The shape of the Gauss curve also says a lot about the process or the size we measure. The narrower the curve, the smaller the standard deviation. In practice, this means that the measured quantity, even in the case of certain deviations, has a greater chance of “fitting in” within the tolerance of the given process.
On this basis, the process capability is assessed (Cp, Cpk). More specifically, this topic will be described in the article on 6 sigma.
Where is the histogram applicable? Benefits
A histogram prepared on the basis of the data we are interested in provides us with information about what type of statistical distribution we are dealing with.
Great use is found in quality. Based on it, the process capability is assessed, experiments are planned, and the impact of some factors on the process is analyzed.
The use of histogram and statistical methods is enormous and also concerns other areas of the organization’s functioning, not only production and quality. Business decisions, based on reliable data and statistical analyzes, usually bring tangible benefits.
Histogram in HR:
- Selection of potential candidates
- Assessment of employees’ competences
- Measurement of effectiveness: training, recruitment, incentive and bonus systems, employee assessment and employee initiatives
- Evaluation of communication channels (formal, informal) in the organization
- Evaluation of changes in organizational structures
Histogram in IT:
- Evaluation of the implementation of the new system
- Analysis of Helpdesk applications
- Measuring the effectiveness of IT processes
Histogram in Sales:
- Assessment of customer satisfaction
- Evaluation of sales competences
- Measuring the effectiveness of the sales department
- Assessment of complaints, non-compliance
What are the business benefits of using the use of a histogram?

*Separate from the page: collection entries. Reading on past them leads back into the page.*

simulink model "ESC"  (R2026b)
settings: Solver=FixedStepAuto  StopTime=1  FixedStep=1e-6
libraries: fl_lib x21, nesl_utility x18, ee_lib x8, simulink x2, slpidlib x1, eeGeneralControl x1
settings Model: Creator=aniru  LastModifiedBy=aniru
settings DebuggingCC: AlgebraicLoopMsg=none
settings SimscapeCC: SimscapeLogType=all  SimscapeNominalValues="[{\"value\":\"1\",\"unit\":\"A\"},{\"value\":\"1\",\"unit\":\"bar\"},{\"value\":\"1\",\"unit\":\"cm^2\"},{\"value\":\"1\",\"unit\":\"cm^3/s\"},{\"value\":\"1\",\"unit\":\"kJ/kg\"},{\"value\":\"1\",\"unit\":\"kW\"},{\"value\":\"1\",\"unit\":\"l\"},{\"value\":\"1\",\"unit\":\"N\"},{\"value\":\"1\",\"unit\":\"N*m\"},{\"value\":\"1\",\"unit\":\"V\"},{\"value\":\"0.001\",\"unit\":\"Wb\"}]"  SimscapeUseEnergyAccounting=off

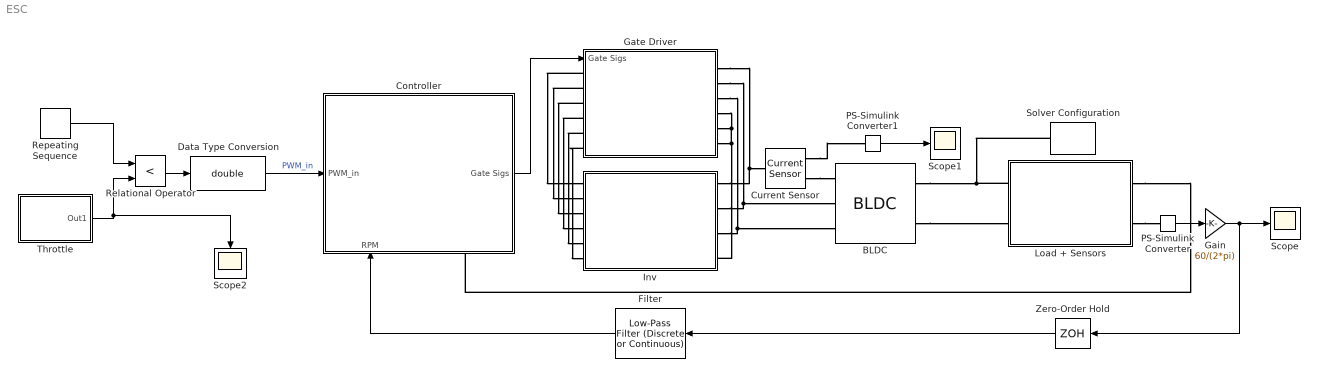
== system ESC ==
  BLDC : ee_lib/Electromechanical/Permanent Magnet/BLDC  PartSpecification="{\"CollectionId\":\"MW.SimscapeElectrical\",\"CollectionVersion\":\"1.0.0\",\"DatasetId\":\"Crouzet|80120301|simscape.electrical.bldc\",\"DisplayName\":\"Crouzet:80120301\"}"  rotor_param=ee.enum.pmsm.backemf.trapezoidflux  pm_flux_linkage=2.1333e-02 % Datasheet derived Wb  theta_constant=28.1250 % Assumed angle deg  emf_max=9.6 % Parameter not set V  w_meas=600 % Parameter not set rpm  DphiDtheta_tab=[0, -.1528, -.1528, .1528, .1528, 0] % Parameter not set Wb/rad  back_emf_tab=[0, -9.6, -9.6, 9.6, 9.6, 0] % Parameter not set V  rotor_angle_tab=[0, 7.5, 22.5, 37.5, 52.5, 60] % Parameter not set deg  nPolePairs=4 % Datasheet derived  axes_param=ee.enum.rotorangle.qaxis  port_option=ee.enum.threePhasePort.expanded  winding_type=ee.enum.electromech.statorconfiguration.wye  stator_param=ee.enum.statorparam.LdLqL0  machine_param=ee.enum.dqparameterization.constant  Ld=0.2300 % Datasheet derived mH  Lq=0.2300 % Datasheet derived mH  idVec=[-200, 0, 200] % Parameter not set A  iqVec=[-200, 0, 200] % Parameter not set A  LdMatrix=0.00022 * ones(3, 3) % Parameter not set H  LqMatrix=0.00022 * ones(3, 3) % Parameter not set H  L0=0.2300 % Assumed inductance value mH  Ls=0.0002 % Parameter not set H  Lm=0 % Parameter not set H  Ms=0.00002 % Parameter not set H  Rs=0.1000 % Datasheet derived Ohm  zero_sequence=ee.enum.park.zerosequence.exclude  loss_param=ee.enum.ironloss.none  losses_oc=[0, 0, 0] % Parameter not set W  losses_sc=[0, 0, 0] % Parameter not set W  f_losses=60 % Parameter not set Hz  Isc_losses=95 % Parameter not set A  J=1.6000e-04 % Datasheet derived kg*m^2  lam=0 % Parameter not set N*m*s/rad  i_d_specify=off  i_d_priority=None  i_d=0 A  i_d_nominal_specify=off  i_d_nominal_value=1  i_d_nominal_unit=A  i_q_specify=off  i_q_priority=None  i_q=0 A  i_q_nominal_specify=off  i_q_nominal_value=1  i_q_nominal_unit=A  torque_specify=off  torque_priority=None  torque=0 N*m  torque_nominal_specify=off  torque_nominal_value=1  torque_nominal_unit=N*m  angular_velocity_specify=off  angular_velocity_priority=High  angular_velocity=0 rpm  angular_velocity_nominal_specify=off  angular_velocity_nominal_value=1  angular_velocity_nominal_unit=rpm  angular_position_specify=off  angular_position_priority=High  angular_position=0 deg  angular_position_nominal_specify=off  angular_position_nominal_value=1  angular_position_nominal_unit=deg  alpha=3.93e-3 % Parameter not set 1/K  alpha_flux=-0.001 % Parameter not set 1/K  Tmeas=298.15 % Parameter not set K  stator_thermal_mass=100 % Parameter not set J/K  rotor_thermal_mass=200 % Parameter not set J/K  Rm_percent_rotor=90 % Parameter not set  Rd_percent_rotor=30 % Parameter not set  temperatureA_specify=off  temperatureA_priority=High  temperatureA=25 degC  temperatureA_nominal_specify=off  temperatureA_nominal_value=1  temperatureA_nominal_unit=degC  temperatureB_specify=off  temperatureB_priority=High  temperatureB=25 degC  temperatureB_nominal_specify=off  temperatureB_nominal_value=1  temperatureB_nominal_unit=degC  temperatureC_specify=off  temperatureC_priority=High  temperatureC=25 degC  temperatureC_nominal_specify=off  temperatureC_nominal_value=1  temperatureC_nominal_unit=degC  temperatureR_specify=off  temperatureR_priority=High  temperatureR=25 degC  temperatureR_nominal_specify=off  temperatureR_nominal_value=1  temperatureR_nominal_unit=degC
      settings: AttributesFormatString=Crouzet:80120301
  Controller : Subsystem
      settings: PortSchema="{\"entries\":[{\"content\":{\"sides\":[{\"content\":{\"connectorIds\":[\"In1\"]},\"type\":\"ConnectorPlacement.EquallySpacedRectSide\",\"uuid\":\"d20efde7-2380-411c-918f-9135c5284e68\"},{\"content\":{\"connectorIds\":[\"Out1\"],\"side\":\"RIGHT\"},\"type\":\"ConnectorPlacement.EquallySpacedRectSide\",\"uuid\":\"b87beafc-0c27-449f-9c72-bbb0e463092f\"},{\"content\":{\"side\":\"TOP\"},\"type\":\"ConnectorPlacement.EquallySpacedRectSide\",\"uuid\":\"b8d85be5-c3c9-47b7-b090-b5424d23e700\"},{\"content\":{\"connectorIds\":[\"In2\",\"RConn1\"],\"side\":\"BOTTOM\"},\"type\":\"ConnectorPlacement.EquallySpacedRectSide\",\"uuid\":\"c2a9ca41-a9b6-416c-a6db-c5c92e119f95\"}]},\"type\":\"ConnectorPlacement.EquallySpacedConnector\",\"uuid\":\"fe6135bb-2d05-4881-a2f1-961b4e6c139d\"}],\"packageUris\":[\"http://schema.mathworks.com/mf0/Connector/R2020b\"],\"version\":\"1.0\"}"
  Current Sensor : fl_lib/Electrical/Electrical Sensors/Current Sensor
  Data Type Conversion : DataTypeConversion  OutDataTypeStr=double  SaturateOnIntegerOverflow=off  RndMeth=Floor
  Filter : eeGeneralControl/Low-Pass Filter (Discrete or Continuous)  K=1  T=0.00318  B=inf  A=-inf  init_option=Inherited from block input  x0=0  Ts=-1
  Gain : Gain  Gain=60/(2*pi)
  Gate Driver : Subsystem
      settings: PortSchema="{\"entries\":[{\"content\":{\"sides\":[{\"content\":{\"connectorIds\":[\"LConn1\",\"LConn2\",\"LConn3\",\"LConn4\",\"LConn5\",\"LConn6\"]},\"type\":\"ConnectorPlacement.EquallySpacedRectSide\",\"uuid\":\"b49da606-eaf8-42ea-bde7-8db1abebf234\"},{\"content\":{\"connectorIds\":[\"In1\",\"RConn1\",\"RConn2\",\"RConn3\",\"RConn4\",\"RConn5\",\"RConn6\"],\"side\":\"RIGHT\"},\"type\":\"ConnectorPlacement.EquallySpacedRectSide\",\"uuid\":\"1a40fae2-693e-4820-81cb-e8ff43bbd20f\"},{\"content\":{\"side\":\"TOP\"},\"type\":\"ConnectorPlacement.EquallySpacedRectSide\",\"uuid\":\"e869c746-5bf4-4881-9f55-64e2cb76af97\"}]},\"type\":\"ConnectorPlacement.EquallySpacedConnector\",\"uuid\":\"eea107e6-2ce8-4a20-b51d-4fd136cf8702\"}],\"packageUris\":[\"http://schema.mathworks.com/mf0/Connector/R2020b\"],\"version\":\"1.0\"}"
  Inv : Subsystem
  Load + Sensors : Subsystem
  PS-Simulink Converter : nesl_utility/PS-Simulink Converter  PhysicalDomain=network_engine_domain  SubClassName=ps_output  LeftPortType=input  RightPortType=output  PseudoPeriodic=off  Frequencies=[]  VectorFormat=inherit  Unit=rad/s  AffineConversion=off
  PS-Simulink Converter1 : nesl_utility/PS-Simulink Converter  PhysicalDomain=network_engine_domain  SubClassName=ps_output  LeftPortType=input  RightPortType=output  PseudoPeriodic=off  Frequencies=[]  VectorFormat=inherit  Unit=inherit  AffineConversion=off
  Relational Operator : RelationalOperator  Operator=<  OutDataTypeStr=boolean  RndMeth=Simplest  InputSameDT=off
  Repeating Sequence : simulink/Sources/Repeating Sequence  rep_seq_t=[0 0.02]  rep_seq_y=[0 0.02]
  Scope : Scope
      settings: Title=SPEED vs Time  ActiveDisplayYMinimum=-450.81242260219108  ActiveDisplayYMaximum=1125.4093407717337  YLabel=RPM  DataLoggingMaxPoints=500000  DataLoggingDecimation=10  DataLoggingSaveFormat=Array
  Scope1 : Scope
      settings: ActiveDisplayYMinimum=-42.67051907682562  ActiveDisplayYMaximum=44.8132549409085  YLabel=Current (A phase)  DataLoggingMaxPoints=500000  DataLoggingDecimation=100  DataLoggingSaveFormat=Array
  Scope2 : Scope
      settings: ActiveDisplayYMinimum=0.00115  ActiveDisplayYMaximum=0.00165  YLabel=PWM_in  DataLoggingVariableName=ScopeData2  DataLoggingSaveFormat=Array
  Solver Configuration : nesl_utility/Solver Configuration  PhysicalDomain=network_engine_domain  SubClassName=solver  LeftPortType=input  RightPortType=generic  Tones=[]  Harmonics=[]  SimulateNoise=off  Profile=off  UseLocalSampling=off  EnableSwitchedLinearOptims=on  FrequencyDomain=off  UseCCode=off  RelTol=0.001  AbsTol=0.001  MinStep=1e-09  ToWorkspace=off  RevertToSquareIcSolve=off  NumHomotopyIterations=100  PhasorMode=off  PhasorModeNumHarmonics=1  ConsistencySolver=NEWTON_XTOL_AFTER_FTOL  CanonicalOrdering=CANONICAL  OptimizeIntermediates=OPTIMIZED  MulticoreSolverChoice=BACKWARD_EULER  IndexReductionMethod=DerivativeReplacement  DoDC=off  ResidualTolerance=1e-09  ConsistencyTolSource=GLOBAL  ConsistencyAbsTol=0.001  ConsistencyRelTol=0.001  ConsistencyTolFactor=0.001  UseLocalSolver=on  LocalSolverChoice=NE_BACKWARD_EULER_ADVANCER  ResolveIndetEquations=on  FunctionEvalNumThread=1  LocalSolverSampleTime=1e-6  DoFixedCost=on  MaxNonlinIter=3  MaxModeIter=2  ComputeImpulses=off  ImpulseIterations=2  LinearAlgebra=auto  LinearAlgebraNumThread=0  EquationFormulation=NE_TIME_EF  DelaysMemoryBudget=1024  AutomaticFiltering=on  FilteringTimeConstant=0.001  PartitionStorageMethod=AS_NEEDED  PartitionMemoryBudget=1024  PartitionMethod=BALANCED  MultibodyUseLocalSolver=off  MultibodyLocalSolverChoice=ODE1  MultibodyLocalSolverSampleTime=0.001
  Throttle : Subsystem
  Zero-Order Hold : ZeroOrderHold  SampleTime=1e-3
  wires:
  PS-Simulink Converter/1 -> Gain/1
  PS-Simulink Converter1/1 -> Scope1/1
  Gain/1 -> Scope/1, Zero-Order Hold/1
  Controller/1(Gate Sigs) -> Gate Driver/1(Gate Sigs)
  Repeating Sequence/1 -> Relational Operator/1
  Throttle/1(Out1) -> Scope2/1, Relational Operator/2
  Relational Operator/1 -> Data Type Conversion/1
  Data Type Conversion/1 -> Controller/1(PWM_in)  "PWM_in"
  Zero-Order Hold/1 -> Filter/1
  Filter/1 -> Controller/2(RPM)
  connections:
  Inv/RConn2 -- Gate Driver/LConn2 -- BLDC/LConn2
  Inv/RConn1 -- Gate Driver/LConn1 -- Current Sensor/LConn1
  Inv/RConn3 -- Gate Driver/LConn3 -- BLDC/LConn3
  Gate Driver/RConn1 -- Inv/LConn1
  Gate Driver/RConn2 -- Inv/LConn2
  Gate Driver/RConn3 -- Inv/LConn3
  Gate Driver/RConn4 -- Inv/LConn4
  Gate Driver/RConn5 -- Inv/LConn5
  Gate Driver/RConn6 -- Inv/LConn6
  Gate Driver/LConn6 -- Gate Driver/LConn4 -- Gate Driver/LConn5 -- Inv/RConn4
  BLDC/RConn1 -- Load + Sensors/LConn1 -- Solver Configuration/RConn1
  Current Sensor/RConn2 -- BLDC/LConn1
  Current Sensor/RConn1 -- PS-Simulink Converter1/LConn1
  BLDC/RConn2 -- Load + Sensors/LConn2
  Load + Sensors/RConn2 -- PS-Simulink Converter/LConn1
  Load + Sensors/RConn1 -- Controller/RConn1

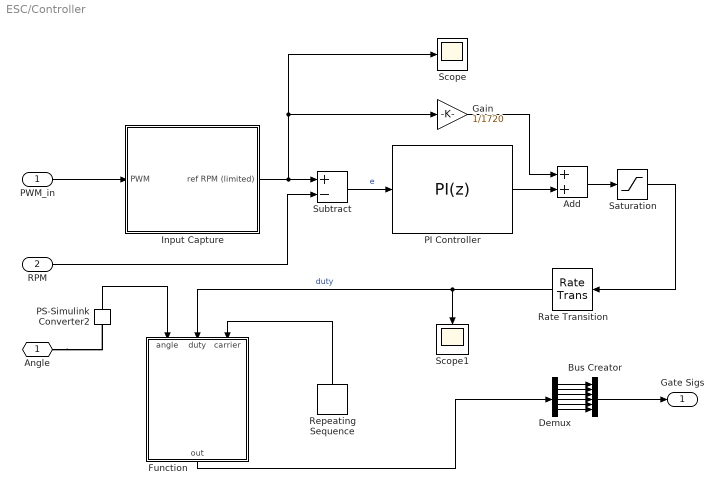
== system ESC/Controller ==
  PWM_in : Inport
  RPM : Inport  Port=2
  Add : Sum
  Bus Creator : BusCreator  Inputs=6
  Demux : Demux  Outputs=6
  Function : MATLAB Function  TreatAsAtomicUnit=on
  Gain : Gain  Gain=1/1720
  Input Capture : Subsystem
  PI Controller : slpidlib/PID Controller  Controller=PI  Form=Parallel  TimeDomain=Discrete-time  UseExternalTs=off  SampleTime=1e-3  IntegratorMethod=Forward Euler  FilterMethod=Forward Euler  ControllerParametersSource=internal  P=5e-4  I=2e-5  UseKiTs=on  D=0  UseExternalDerivativeSource=off  N=100  UseFilter=on  TunerSelectOption=Transfer Function Based (PID Tuner App)  ZeroCross=off  InitialConditionSource=internal  InitialConditionForIntegrator=0  InitialConditionForFilter=0  DifferentiatorICPrevScaledInput=0  ExternalReset=none  TrackingMode=off  Kt=1  LimitOutput=on  SatLimitsSource=internal  UpperSaturationLimit=0.5  LowerSaturationLimit=-0.5  LinearizeAsGain=on  AntiWindupMode=clamping  Kb=1  LimitIntegrator=off  UpperIntegratorSaturationLimit=0.5  LowerIntegratorSaturationLimit=-0.5  RndMeth=Simplest  POutMin=[]  POutMax=[]  IOutMin=[]  IOutMax=[]  DOutMin=[]  DOutMax=[]  NOutMin=[]  NOutMax=[]  SumOutMin=[]  SumOutMax=[]  SaturationOutDataTypeStr=Inherit: Inherit via back propagation  SaturationOutMin=[]  SaturationOutMax=[]  PParamMin=[]  PParamMax=[]  IParamMin=[]  IParamMax=[]  DParamMin=[]  DParamMax=[]  NParamMin=[]  NParamMax=[]  KbParamMin=[]  KbParamMax=[]  KtParamMin=[]  KtParamMax=[]  KbOutMin=[]  KbOutMax=[]  KtOutMin=[]  KtOutMax=[]  IntegratorOutMin=[]  IntegratorOutMax=[]  FilterOutMin=[]  FilterOutMax=[]  SumI1OutMin=[]  SumI1OutMax=[]  SumI2OutMin=[]  SumI2OutMax=[]  SumI3OutMin=[]  SumI3OutMax=[]  SumI4OutMin=[]  SumI4OutMax=[]  SumDOutMin=[]  SumDOutMax=[]  DifferentiatorOutMin=[]  DifferentiatorOutMax=[]  FilterDiffOutCoefMin=[]  FilterDiffOutCoefMax=[]  ReciprocalOutMin=[]  ReciprocalOutMax=[]  SumDenOutMin=[]  SumDenOutMax=[]  SumNumOutMin=[]  SumNumOutMax=[]  DivideOutMin=[]  DivideOutMax=[]  UdiffTsProdOutMin=[]  UdiffTsProdOutMax=[]  NTsProdOutMin=[]  NTsProdOutMax=[]  UintegralTsProdOutMin=[]  UintegralTsProdOutMax=[]  UngainTsProdOutMin=[]  UngainTsProdOutMax=[]  ClampingZeroOutDataTypeStr=Inherit: Inherit via back propagation  ClampingZeroOutMin=[]  ClampingZeroOutMax=[]  FilterDenConstantOutDataTypeStr=Inherit: Inherit via back propagation  FilterDenConstantOutMin=[]  FilterDenConstantOutMax=[]  PCopyOutDataTypeStr=Inherit: Inherit via back propagation  PCopyOutMin=[]  PCopyOutMax=[]  NCopyOutDataTypeStr=Inherit: Inherit via back propagation  NCopyOutMin=[]  NCopyOutMax=[]  IntegratorContinuousStateAttributes=''  IntegratorStateMustResolveToSignalObject=off  IntegratorRTWStateStorageClass=Auto  FilterContinuousStateAttributes=''  FilterStateMustResolveToSignalObject=off  FilterRTWStateStorageClass=Auto  ParallelPVariant=InternalParameters  IdealPVariant=Disabled  IVariant=InternalParameters  DVariant=Disabled  IntegratorVariant=Discrete  SatVariant=Enabled  AWVariant=DiscClampingParallel  PCopyVariant=Disabled  TRVariant=Disabled  FdbkBlocksVariant=Forward  IdealPFdbkVariant=Disabled  SatFdbkVariant=Disabled  DerivativeFilterVariant=Disabled  NVariant=Disabled  NCopyVariant=Disabled_SignalSpec  FilterICVariant=Disabled  IntegratorICVariant=InternalICs  ExternalResetVariant=Disabled  TRSumVariant=Passthrough  SumFdbkVariant=Disabled  SumVariant=Sum_PI  TsampFilterVariant=InternalTs  TsampNgainVariant=Passthrough  TsampIntegralVariant=Disabled_SignalSpec  ExternalSaturationOutDataTypeStr=Inherit: Same as second input  DerivativeSourceVariant=Disabled  PreIntVariant=InternalPreInt
      settings: LibrarySourceBlock=mcblib/Control/Induction Machine/Controllers/PI Controller
  PS-Simulink Converter2 : nesl_utility/PS-Simulink Converter  PhysicalDomain=network_engine_domain  SubClassName=ps_output  LeftPortType=input  RightPortType=output  PseudoPeriodic=off  Frequencies=[]  VectorFormat=inherit  Unit=rad  AffineConversion=off
  Rate Transition : RateTransition  OutPortSampleTimeOpt=Inherit
  Repeating Sequence : simulink/Sources/Repeating Sequence  rep_seq_t=[0 1e-4]  rep_seq_y=[0 1]
  Saturation : Saturate  UpperLimit=1  LowerLimit=0.15
  Scope : Scope
      settings: ActiveDisplayYMinimum=-118.14249999999997  ActiveDisplayYMaximum=1063.2825  YLabel=Ref RPM  DataLoggingMaxPoints=500000  DataLoggingDecimation=1000  DataLoggingVariableName=ScopeData3  DataLoggingSaveFormat=Array
  Scope1 : Scope
      settings: ActiveDisplayYMinimum=-0.0898767826107151  ActiveDisplayYMaximum=0.808891043496436  YLabel=Duty  DataLoggingMaxPoints=500000  DataLoggingDecimation=100  DataLoggingVariableName=ScopeData4  DataLoggingSaveFormat=Array
  Subtract : Sum  Inputs=+-
  Angle : PMIOPort  Side=Right
  Gate Sigs : Outport
  wires:
  Demux/1 -> Bus Creator/1
  PS-Simulink Converter2/1 -> Function/1(angle)
  Demux/4 -> Bus Creator/4
  Demux/5 -> Bus Creator/5
  Demux/3 -> Bus Creator/3
  Demux/6 -> Bus Creator/6
  Demux/2 -> Bus Creator/2
  Function/1(out) -> Demux/1
  Bus Creator/1 -> Gate Sigs/1
  PWM_in/1 -> Input Capture/1(PWM)
  Input Capture/1(ref RPM (limited)) -> Subtract/1, Scope/1, Gain/1
  RPM/1 -> Subtract/2
  Subtract/1 -> PI Controller/1  "e"
  Gain/1 -> Add/1
  PI Controller/1 -> Add/2
  Add/1 -> Saturation/1
  Saturation/1 -> Rate Transition/1
  Repeating Sequence/1 -> Function/3(carrier)
  Rate Transition/1 -> Function/2(duty), Scope1/1  "duty"
  connections:
  Angle/RConn1 -- PS-Simulink Converter2/LConn1

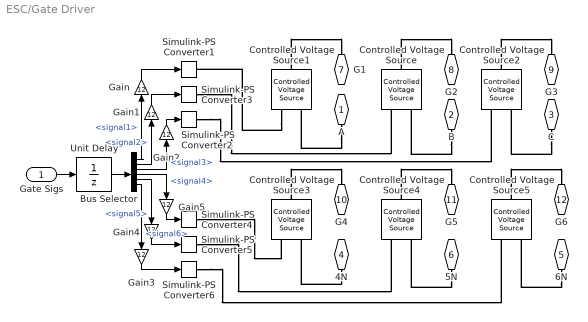
== system ESC/Gate Driver ==
  Gate Sigs : Inport
  Bus Selector : BusSelector  OutputSignals=signal1,signal2,signal3,signal4,signal5,signal6
  Controlled Voltage Source{,1..5} (6 alike) : fl_lib/Electrical/Electrical Sources/Controlled Voltage Source
  Gain{,1..5} (6 alike) : Gain  Gain=12
  Simulink-PS Converter{1..6} (6 alike) : nesl_utility/Simulink-PS Converter  PhysicalDomain=network_engine_domain  SubClassName=ps_input  LeftPortType=input  RightPortType=output  PseudoPeriodic=off  Frequencies=[]  NoiseDistribution=none  NoiseParameters=[]  Unit=1  AffineConversion=off  FilteringAndDerivatives=filter  SimscapeFilterOrder=1  InputFilterTimeConstant=1e-6  UdotUserProvided=0
  Unit Delay : UnitDelay  SampleTime=1e-6
  A : PMIOPort  Side=Left
  B : PMIOPort  Port=2  Side=Left
  C : PMIOPort  Port=3  Side=Left
  4N : PMIOPort  Port=4  Side=Left
  6N : PMIOPort  Port=5  Side=Left
  5N : PMIOPort  Port=6  Side=Left
  G1 : PMIOPort  Port=7  Side=Right
  G2 : PMIOPort  Port=8  Side=Right
  G3 : PMIOPort  Port=9  Side=Right
  G4 : PMIOPort  Port=10  Side=Right
  G5 : PMIOPort  Port=11  Side=Right
  G6 : PMIOPort  Port=12  Side=Right
  wires:
  Bus Selector/1 -> Gain/1  "<signal1>"
  Bus Selector/2 -> Gain1/1  "<signal2>"
  Bus Selector/5 -> Gain4/1  "<signal5>"
  Bus Selector/6 -> Gain3/1  "<signal6>"
  Gate Sigs/1 -> Unit Delay/1
  Gain/1 -> Simulink-PS Converter1/1
  Gain1/1 -> Simulink-PS Converter3/1
  Gain2/1 -> Simulink-PS Converter2/1
  Bus Selector/3 -> Gain2/1  "<signal3>"
  Gain3/1 -> Simulink-PS Converter6/1
  Gain4/1 -> Simulink-PS Converter5/1
  Gain5/1 -> Simulink-PS Converter4/1
  Bus Selector/4 -> Gain5/1  "<signal4>"
  Unit Delay/1 -> Bus Selector/1
  connections:
  Controlled Voltage Source/LConn1 -- G2/RConn1
  Simulink-PS Converter3/RConn1 -- Controlled Voltage Source/RConn1
  B/RConn1 -- Controlled Voltage Source/RConn2
  A/RConn1 -- Controlled Voltage Source1/RConn2
  Controlled Voltage Source1/RConn1 -- Simulink-PS Converter1/RConn1
  Controlled Voltage Source1/LConn1 -- G1/RConn1
  C/RConn1 -- Controlled Voltage Source2/RConn2
  Simulink-PS Converter2/RConn1 -- Controlled Voltage Source2/RConn1
  Controlled Voltage Source2/LConn1 -- G3/RConn1
  4N/RConn1 -- Controlled Voltage Source3/RConn2
  Simulink-PS Converter4/RConn1 -- Controlled Voltage Source3/RConn1
  Controlled Voltage Source3/LConn1 -- G4/RConn1
  5N/RConn1 -- Controlled Voltage Source4/RConn2
  Simulink-PS Converter5/RConn1 -- Controlled Voltage Source4/RConn1
  Controlled Voltage Source4/LConn1 -- G5/RConn1
  6N/RConn1 -- Controlled Voltage Source5/RConn2
  Simulink-PS Converter6/RConn1 -- Controlled Voltage Source5/RConn1
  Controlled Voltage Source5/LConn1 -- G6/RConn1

By analyzing the histogram with the Gauss curve drawn, we can obtain important information about the subject under investigation. Any deviation from the normal distribution shape may suggest that:
- the study did not include any significant factor, which resulted in distorted results (for example: we examined the professional effectiveness of only newly employed employees, not all)
- we have studied a specific group where the level of interest is more than average (for example, engineers are characterized by a high level of analytical thinking)
The compatibility of the distribution of results with the Gaussian curve suggests that the sample we are looking at is representative and properly depicts the entire population. This means that our actions can be “targeted”, tailored to the business needs of the organization.
The histogram and normal distribution depicted by the Gaussian curve thus plays a key role in solving business problems by means of statistical analyzes. It can support other methods, such as DMAIC.
The knowledge we receive when analyzing the histogram is extremely useful in everyday business practice. Knowing the simple rules of its interpretation, we can properly formulate business questions, which in turn translates into a more accurate selection of actions aimed at achieving the assumed business goals.